SCROLL TO CONTINUE WITH CONTENT
"Ini sebetulnya menjadi bagian dari character assassination atau pembunuhan karakter. Karena model-model seperti ini akan bisa menggerus sesuatu yang menjadi kebanggaan, atau keyakinan, harmoni, dan lain sebagainya," kata Chryshnanda dalam diskusi itu.
Chryshnanda mengatakan di era post-truth ini mulai muncul isu yang menyudutkan suatu orang atau lembaga, isu ini merugikan secara sosial karena menggerus. Oleh karena itu, Chryshnanda menilai harus ada upaya dari Polri untuk mencegah hal itu terjadi kepada Polri.
"Konsep yang saya tawarkan menghadapi era post-truth juga pada smart policing.
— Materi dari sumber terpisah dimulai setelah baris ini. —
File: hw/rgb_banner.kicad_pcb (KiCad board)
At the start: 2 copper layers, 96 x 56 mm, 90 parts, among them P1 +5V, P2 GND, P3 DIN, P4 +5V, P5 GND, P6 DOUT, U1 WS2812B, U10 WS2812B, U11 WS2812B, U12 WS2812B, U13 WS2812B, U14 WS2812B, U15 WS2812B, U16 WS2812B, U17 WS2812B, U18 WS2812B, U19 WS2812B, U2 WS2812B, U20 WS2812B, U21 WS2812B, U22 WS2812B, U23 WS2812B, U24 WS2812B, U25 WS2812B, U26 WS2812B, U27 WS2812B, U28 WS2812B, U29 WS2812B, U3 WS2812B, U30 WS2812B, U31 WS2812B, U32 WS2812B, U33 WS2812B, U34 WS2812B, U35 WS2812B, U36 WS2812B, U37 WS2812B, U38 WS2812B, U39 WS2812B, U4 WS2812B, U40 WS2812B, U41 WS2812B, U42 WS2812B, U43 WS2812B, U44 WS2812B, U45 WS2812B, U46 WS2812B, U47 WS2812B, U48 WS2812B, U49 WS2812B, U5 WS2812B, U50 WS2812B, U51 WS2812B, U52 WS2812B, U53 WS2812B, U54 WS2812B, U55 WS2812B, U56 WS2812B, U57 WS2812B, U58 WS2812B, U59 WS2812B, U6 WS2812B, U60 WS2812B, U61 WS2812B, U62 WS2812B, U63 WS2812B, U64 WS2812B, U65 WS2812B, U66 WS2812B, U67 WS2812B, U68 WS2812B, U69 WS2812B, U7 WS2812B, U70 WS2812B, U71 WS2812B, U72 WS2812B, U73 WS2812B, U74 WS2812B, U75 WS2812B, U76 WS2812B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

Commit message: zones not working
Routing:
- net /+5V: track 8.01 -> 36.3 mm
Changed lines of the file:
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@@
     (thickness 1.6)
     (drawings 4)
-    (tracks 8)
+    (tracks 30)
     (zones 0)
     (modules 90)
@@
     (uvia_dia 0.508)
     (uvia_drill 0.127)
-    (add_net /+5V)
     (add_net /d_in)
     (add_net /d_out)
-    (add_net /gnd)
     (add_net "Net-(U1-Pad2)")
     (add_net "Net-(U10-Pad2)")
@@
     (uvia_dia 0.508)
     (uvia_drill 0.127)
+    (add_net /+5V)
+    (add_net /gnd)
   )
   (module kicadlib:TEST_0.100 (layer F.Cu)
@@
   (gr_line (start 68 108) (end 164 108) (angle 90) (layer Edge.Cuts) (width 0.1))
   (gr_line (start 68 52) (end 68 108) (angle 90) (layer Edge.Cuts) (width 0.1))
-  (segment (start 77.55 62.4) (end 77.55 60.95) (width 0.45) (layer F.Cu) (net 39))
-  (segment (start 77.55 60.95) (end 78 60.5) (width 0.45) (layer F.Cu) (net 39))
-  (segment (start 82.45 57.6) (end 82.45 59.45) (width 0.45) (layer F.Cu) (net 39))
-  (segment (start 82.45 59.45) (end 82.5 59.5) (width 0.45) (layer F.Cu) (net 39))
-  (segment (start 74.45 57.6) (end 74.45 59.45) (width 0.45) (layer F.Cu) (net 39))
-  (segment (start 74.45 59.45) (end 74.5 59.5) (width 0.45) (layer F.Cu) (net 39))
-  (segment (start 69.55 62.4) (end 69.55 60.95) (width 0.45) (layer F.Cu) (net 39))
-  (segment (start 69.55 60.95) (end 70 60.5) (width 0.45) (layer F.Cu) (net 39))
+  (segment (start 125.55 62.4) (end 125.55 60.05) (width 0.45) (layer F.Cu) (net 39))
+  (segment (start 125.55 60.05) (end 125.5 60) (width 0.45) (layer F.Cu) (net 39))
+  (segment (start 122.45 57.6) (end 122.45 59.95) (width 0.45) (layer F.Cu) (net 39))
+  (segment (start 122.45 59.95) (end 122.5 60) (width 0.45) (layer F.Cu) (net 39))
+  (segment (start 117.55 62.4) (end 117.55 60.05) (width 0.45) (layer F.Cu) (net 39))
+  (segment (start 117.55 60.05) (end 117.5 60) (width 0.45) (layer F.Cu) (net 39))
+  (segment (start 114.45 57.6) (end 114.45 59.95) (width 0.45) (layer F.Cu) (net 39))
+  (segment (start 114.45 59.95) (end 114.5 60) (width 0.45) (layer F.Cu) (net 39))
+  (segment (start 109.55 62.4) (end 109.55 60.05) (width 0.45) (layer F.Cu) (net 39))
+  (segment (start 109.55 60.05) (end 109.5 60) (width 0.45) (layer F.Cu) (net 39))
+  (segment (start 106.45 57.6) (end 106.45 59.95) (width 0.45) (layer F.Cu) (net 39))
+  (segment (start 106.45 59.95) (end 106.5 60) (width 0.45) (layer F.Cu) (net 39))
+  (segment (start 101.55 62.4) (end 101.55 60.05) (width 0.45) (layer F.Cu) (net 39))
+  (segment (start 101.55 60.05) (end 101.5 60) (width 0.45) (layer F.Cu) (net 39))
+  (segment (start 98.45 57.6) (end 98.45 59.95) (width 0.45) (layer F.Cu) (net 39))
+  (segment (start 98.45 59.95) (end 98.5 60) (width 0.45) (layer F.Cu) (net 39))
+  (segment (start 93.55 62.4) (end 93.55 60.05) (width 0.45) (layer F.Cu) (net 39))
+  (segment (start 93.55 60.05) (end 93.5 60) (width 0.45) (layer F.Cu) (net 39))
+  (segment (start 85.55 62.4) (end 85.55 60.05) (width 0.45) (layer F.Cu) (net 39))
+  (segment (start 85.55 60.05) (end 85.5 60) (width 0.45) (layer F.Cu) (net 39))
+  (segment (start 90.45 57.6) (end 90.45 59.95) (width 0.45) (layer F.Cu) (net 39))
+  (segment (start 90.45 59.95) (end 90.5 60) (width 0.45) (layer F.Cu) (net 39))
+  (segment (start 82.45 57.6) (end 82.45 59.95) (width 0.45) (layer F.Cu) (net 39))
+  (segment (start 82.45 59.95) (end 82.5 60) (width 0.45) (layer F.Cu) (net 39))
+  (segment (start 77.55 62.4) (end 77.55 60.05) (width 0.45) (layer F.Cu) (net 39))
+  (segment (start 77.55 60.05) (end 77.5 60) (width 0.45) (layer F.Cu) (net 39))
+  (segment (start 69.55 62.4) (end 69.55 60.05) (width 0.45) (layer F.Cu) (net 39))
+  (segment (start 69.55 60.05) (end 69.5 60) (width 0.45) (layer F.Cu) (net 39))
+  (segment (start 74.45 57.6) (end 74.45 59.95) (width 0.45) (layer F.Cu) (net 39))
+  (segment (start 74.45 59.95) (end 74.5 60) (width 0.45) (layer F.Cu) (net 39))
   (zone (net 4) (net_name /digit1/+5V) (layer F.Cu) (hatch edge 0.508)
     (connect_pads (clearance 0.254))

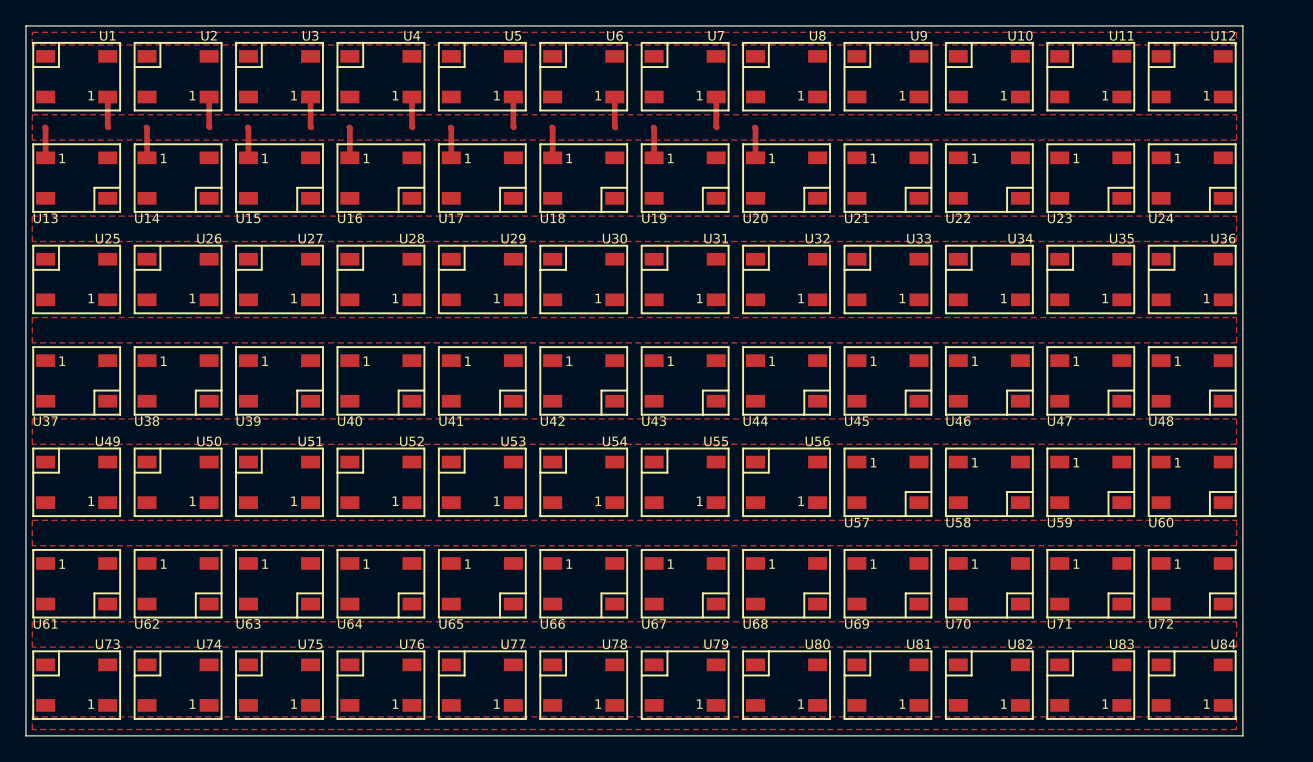
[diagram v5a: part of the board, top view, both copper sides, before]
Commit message: zone fill by setting to no_net, filling, then setting correct net.
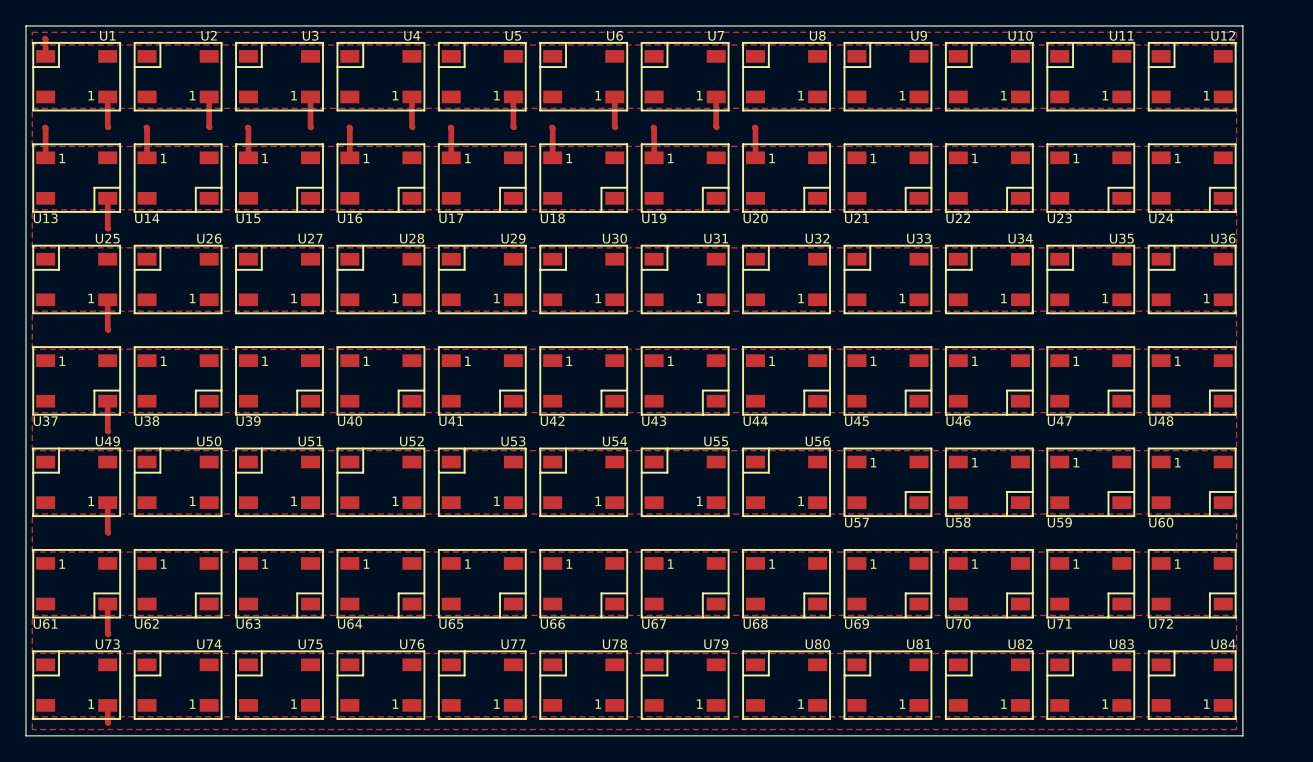
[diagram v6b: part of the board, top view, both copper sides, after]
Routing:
- net /gnd: track 0.00 -> 8.68 mm
- net /+5V: track 36.3 -> 42.6 mm
- removed copper zone on F.Cu, net /digit1/+5V

What's meaning of smart policing, its mean harmony between of convencional policing, pemolisian konvensional, electronic policing atau pemolisian elektronik sebagai model pemolisian di era digital dan forensic policing as a model in new normal era, kita hidup di era kenormalan baru," ucapnya.
Oleh karena itu, Chryshnanda mengatakan Lemdiklat Polri memiliki pendidikan berbasis moralitas dan literasi dalam mengkaji ilmu. Chryshnanda menyebut Lemdiklat juga telah membahas tentang era post-truth saat ini.
"Maka Saudara juga harus memikirkan dan membahas bahwa era kenormalan yang by design merusak ini bisa melalui kendaraan apa-apa. Maka pendidikan di Lembaga Pendidikan Polri semua ini berbasis moralitas dan literasi dalam mentransformasi, mengembangkan, dan mengkaji ilmu kepolisian, basisnya pada kesadaran," ucapnya.
Ketua Perkumpulan Doktor Ilmu Kepolisian Indonesia Kombes Dedy Tabrani juga menyampaikan pendapat yang sama. Dedy menilai hal yang harus dilakukan Polri di era post-truth adalah memakai smart policing dengan mengandalkan teknologi.
"Saya sangat setuju dengan Bapak Prof Chryshnanda tadi, kuncinya adalah smart policing, di mana online policing itu adalah ruang, satu ruang. Ruang internet, di mana kita bekerja di ruang internet sekarang ini disebut online policing. Kemudian, digital policing adalah penggunaan peralatan teknologi digital oleh kepolisian di semua fungsi kepolisian," katanya.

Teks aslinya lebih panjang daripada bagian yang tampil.